石墨導熱片100為片狀的石墨(Graphite),石墨烯為碳原子的六邊形鍵結相連構成的多層層疊結構,其可以是天然石墨或是人工石墨,天然石墨 的熱傳導係數(K)約為600W/(m.K)以上,而人工石墨的熱傳導係數(K)約為1500W/(m.K)以上。石墨導熱片100的其中一面用以吸收發熱源10產生的熱能,並且將該些熱能傳導擴散至石墨導熱片100的各部分。 The graphite thermal conductive sheet 100 is a sheet-shaped graphite (Graphite), and graphene is a multi-layer laminated structure formed by connecting hexagonal bonds of carbon atoms, which may be natural graphite or artificial graphite, natural graphite The thermal conductivity coefficient (K) is about 600W / (m.K) or more, while the artificial graphite thermal conductivity coefficient (K) is about 1500W / (m.K) or more. One side of the graphite heat-conducting sheet 100 is used to absorb the heat energy generated by the heat-generating source 10 and to conduct and diffuse the heat energy to each part of the graphite heat-conducting sheet 100.

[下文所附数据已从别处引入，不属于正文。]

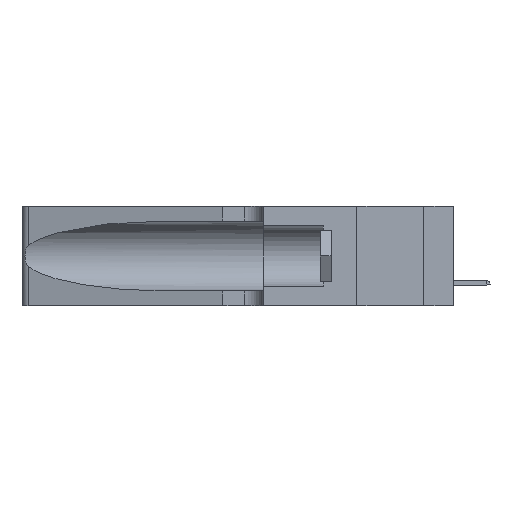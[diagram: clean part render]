
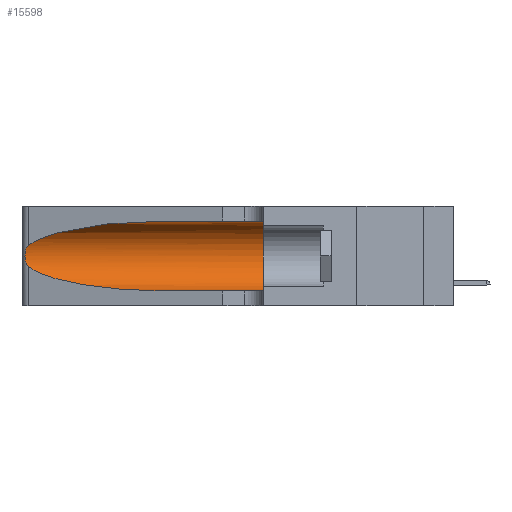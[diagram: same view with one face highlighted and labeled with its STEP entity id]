
A CAD part, left-side view. The second image highlights one B-rep face of the part: STEP entity #15598.
In plain terms, the highlighted cylindrical face has radius 3.308 mm (diameter 6.617 mm), a partial arc.
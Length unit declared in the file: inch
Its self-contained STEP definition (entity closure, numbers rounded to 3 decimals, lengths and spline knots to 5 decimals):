
#108 = CARTESIAN_POINT ( 'NONE',  ( 0.25789, 1.23486, 0.15765 ) ) ;
#200 = EDGE_CURVE ( 'NONE', #4065, #1824, #39720, .T. ) ;
#442 = CARTESIAN_POINT ( 'NONE',  ( 0.1305, 1.61858, 0.185 ) ) ;
#608 = B_SPLINE_CURVE_WITH_KNOTS ( 'NONE', 3,
 ( #35482, #35712, #17681, #17914, #38947, #45683, #17461, #32229, #14000, #20932, #108, #10755, #28088, #32015 ),
 .UNSPECIFIED., .F., .F.,
 ( 4, 2, 2, 2, 2, 2, 4 ),
 ( 0., 0.00027, 0.00053, 0.00107, 0.0016, 0.00187, 0.00214 ),
 .UNSPECIFIED. ) ;
#811 = DIRECTION ( 'NONE',  ( 0., -1., 0. ) ) ;
#1481 = CARTESIAN_POINT ( 'NONE',  ( 0.18966, 0.96281, 0.31525 ) ) ;
#1824 = VERTEX_POINT ( 'NONE', #44364 ) ;
#3759 = ORIENTED_EDGE ( 'NONE', *, *, #15149, .T. ) ;
#4065 = VERTEX_POINT ( 'NONE', #13036 ) ;
#4497 = ORIENTED_EDGE ( 'NONE', *, *, #23021, .T. ) ;
#4498 = CARTESIAN_POINT ( 'NONE',  ( 0.1305, 0.72297, 0.31525 ) ) ;
#5619 = CARTESIAN_POINT ( 'NONE',  ( 0.1305, 0.72297, 0.05475 ) ) ;
#6488 = DIRECTION ( 'NONE',  ( 0., 0., 1. ) ) ;
#6629 = VERTEX_POINT ( 'NONE', #43862 ) ;
#7175 = FACE_OUTER_BOUND ( 'NONE', #17004, .T. ) ;
#10755 = CARTESIAN_POINT ( 'NONE',  ( 0.25639, 1.23186, 0.15144 ) ) ;
#11196 = VERTEX_POINT ( 'NONE', #12641 ) ;
#12337 = VERTEX_POINT ( 'NONE', #5619 ) ;
#12466 = LINE ( 'NONE', #25872, #44833 ) ;
#12641 = CARTESIAN_POINT ( 'NONE',  ( 0.25487, 1.22718, 0.14631 ) ) ;
#13036 = CARTESIAN_POINT ( 'NONE',  ( 0.1305, 0.35, 0.31525 ) ) ;
#14000 = CARTESIAN_POINT ( 'NONE',  ( 0.26017, 1.23833, 0.17102 ) ) ;
#14335 = DIRECTION ( 'NONE',  ( 0., -1., 0. ) ) ;
#15149 = EDGE_CURVE ( 'NONE', #6629, #11196, #608, .T. ) ;
#15598 = ADVANCED_FACE ( 'NONE', ( #7175 ), #17571, .F. ) ;
#16856 = AXIS2_PLACEMENT_3D ( 'NONE', #24727, #31216, #6488 ) ;
#17004 = EDGE_LOOP ( 'NONE', ( #30519, #3759, #42558, #4497, #21653, #38454 ) ) ;
#17461 = CARTESIAN_POINT ( 'NONE',  ( 0.26075, 1.23896, 0.19203 ) ) ;
#17482 = LINE ( 'NONE', #17708, #45485 ) ;
#17571 = CYLINDRICAL_SURFACE ( 'NONE', #38622, 0.13025 ) ;
#17681 = CARTESIAN_POINT ( 'NONE',  ( 0.25639, 1.23184, 0.21858 ) ) ;
#17708 = CARTESIAN_POINT ( 'NONE',  ( 0.1305, 1.61858, 0.31525 ) ) ;
#17914 = CARTESIAN_POINT ( 'NONE',  ( 0.25787, 1.23484, 0.2124 ) ) ;
#20932 = CARTESIAN_POINT ( 'NONE',  ( 0.25856, 1.23593, 0.16098 ) ) ;
#21653 = ORIENTED_EDGE ( 'NONE', *, *, #200, .F. ) ;
#21915 =( BOUNDED_CURVE ( )  B_SPLINE_CURVE ( 3, ( #4498, #1481, #32915, #33611 ),
 .UNSPECIFIED., .F., .F. ) 
 B_SPLINE_CURVE_WITH_KNOTS ( ( 4, 4 ),
 ( 1.5708, 2.84003 ),
 .UNSPECIFIED. ) 
 CURVE ( )  GEOMETRIC_REPRESENTATION_ITEM ( )  RATIONAL_B_SPLINE_CURVE ( ( 1., 0.87, 0.87, 1. ) ) 
 REPRESENTATION_ITEM ( '' )  );
#23021 = EDGE_CURVE ( 'NONE', #12337, #1824, #12466, .T. ) ;
#24563 = EDGE_CURVE ( 'NONE', #44113, #4065, #17482, .T. ) ;
#24727 = CARTESIAN_POINT ( 'NONE',  ( 0.1305, 0.35, 0.185 ) ) ;
#25872 = CARTESIAN_POINT ( 'NONE',  ( 0.1305, 1.61858, 0.05475 ) ) ;
#27055 = CARTESIAN_POINT ( 'NONE',  ( 0.18966, 0.96281, 0.05475 ) ) ;
#28088 = CARTESIAN_POINT ( 'NONE',  ( 0.25555, 1.22993, 0.14849 ) ) ;
#29691 = CARTESIAN_POINT ( 'NONE',  ( 0.1305, 0.72297, 0.31525 ) ) ;
#30519 = ORIENTED_EDGE ( 'NONE', *, *, #42880, .T. ) ;
#31216 = DIRECTION ( 'NONE',  ( 0., 1., 0. ) ) ;
#32015 = CARTESIAN_POINT ( 'NONE',  ( 0.25487, 1.22718, 0.14631 ) ) ;
#32229 = CARTESIAN_POINT ( 'NONE',  ( 0.26075, 1.23896, 0.178 ) ) ;
#32572 = DIRECTION ( 'NONE',  ( 0., 0., -1. ) ) ;
#32915 = CARTESIAN_POINT ( 'NONE',  ( 0.2373, 1.15595, 0.28018 ) ) ;
#33611 = CARTESIAN_POINT ( 'NONE',  ( 0.25487, 1.22718, 0.22369 ) ) ;
#34358 =( BOUNDED_CURVE ( )  B_SPLINE_CURVE ( 3, ( #34682, #37924, #27055, #41626 ),
 .UNSPECIFIED., .F., .F. ) 
 B_SPLINE_CURVE_WITH_KNOTS ( ( 4, 4 ),
 ( 3.44316, 4.71239 ),
 .UNSPECIFIED. ) 
 CURVE ( )  GEOMETRIC_REPRESENTATION_ITEM ( )  RATIONAL_B_SPLINE_CURVE ( ( 1., 0.87, 0.87, 1. ) ) 
 REPRESENTATION_ITEM ( '' )  );
#34682 = CARTESIAN_POINT ( 'NONE',  ( 0.25487, 1.22718, 0.14631 ) ) ;
#35482 = CARTESIAN_POINT ( 'NONE',  ( 0.25487, 1.22718, 0.22369 ) ) ;
#35712 = CARTESIAN_POINT ( 'NONE',  ( 0.25555, 1.22994, 0.2215 ) ) ;
#37924 = CARTESIAN_POINT ( 'NONE',  ( 0.2373, 1.15595, 0.08982 ) ) ;
#38454 = ORIENTED_EDGE ( 'NONE', *, *, #24563, .F. ) ;
#38622 = AXIS2_PLACEMENT_3D ( 'NONE', #442, #14335, #32572 ) ;
#38947 = CARTESIAN_POINT ( 'NONE',  ( 0.25854, 1.2359, 0.20912 ) ) ;
#39720 = CIRCLE ( 'NONE', #16856, 0.13025 ) ;
#40210 = DIRECTION ( 'NONE',  ( 0., -1., 0. ) ) ;
#40511 = EDGE_CURVE ( 'NONE', #11196, #12337, #34358, .T. ) ;
#41626 = CARTESIAN_POINT ( 'NONE',  ( 0.1305, 0.72297, 0.05475 ) ) ;
#42558 = ORIENTED_EDGE ( 'NONE', *, *, #40511, .T. ) ;
#42880 = EDGE_CURVE ( 'NONE', #44113, #6629, #21915, .T. ) ;
#43862 = CARTESIAN_POINT ( 'NONE',  ( 0.25487, 1.22718, 0.22369 ) ) ;
#44113 = VERTEX_POINT ( 'NONE', #29691 ) ;
#44364 = CARTESIAN_POINT ( 'NONE',  ( 0.1305, 0.35, 0.05475 ) ) ;
#44833 = VECTOR ( 'NONE', #40210, 39.37008 ) ;
#45485 = VECTOR ( 'NONE', #811, 39.37008 ) ;
#45683 = CARTESIAN_POINT ( 'NONE',  ( 0.26018, 1.23835, 0.19895 ) ) ;

熱輻射層200覆蓋在石墨導熱片100的另一面。於本實施例中熱輻射層200為片狀熱輻射材料製成,其較佳地為一片片狀的石墨烯(Graphene)所構成,石墨烯為碳原子的六邊形鍵結相連構成的單層平面狀鍵結構。其中,片狀的石墨烯可以是單一的片狀石墨烯,也可以是複數片狀石墨烯平鋪相接而構成。熱輻射層200與石墨導熱片100之間夾設有一黏著層300,藉由黏著層300將熱輻射層200黏著固定在石墨導熱片100之上,而且熱輻射層200覆蓋有一保護層400,保護層400為絕緣且能夠被熱輻射穿透,其保護層400較佳地是由PET(聚對苯二甲酸乙二酯;polyethylene terephthalate)製成。由於片狀的石墨烯難以直接覆蓋在石墨導熱片100上,因此片狀的石墨較佳地先行形成在黏著層300或是保護層400再貼附至石墨導熱片100。 The heat radiation layer 200 covers the other surface of the graphite thermal conductive sheet 100. In this embodiment, the heat radiation layer 200 is made of a sheet-shaped heat radiation material, which is preferably composed of a sheet of graphene (Graphene), and the graphene is a single unit formed by connecting hexagonal bonds of carbon atoms Layered planar key structure. Among them, the sheet-shaped graphene may be a single sheet-shaped graphene, or may be composed of a plurality of sheet-shaped graphenes tiled together. An adhesive layer 300 is interposed between the heat radiation layer 200 and the graphite heat conductive sheet 100, and the heat radiation layer 200 is adhered and fixed on the graphite heat conductive sheet 100 by the adhesive layer 300, and the heat radiation layer 200 is covered with a protective layer 400 to protect The layer 400 is insulating and can be penetrated by thermal radiation, and its protective layer 400 is preferably made of PET (polyethylene terephthalate; polyethylene terephthalate). Since it is difficult for sheet-shaped graphene to directly cover the graphite thermal conductive sheet 100, the sheet-shaped graphite is preferably formed on the adhesive layer 300 or the protective layer 400 before being attached to the graphite thermal conductive sheet 100.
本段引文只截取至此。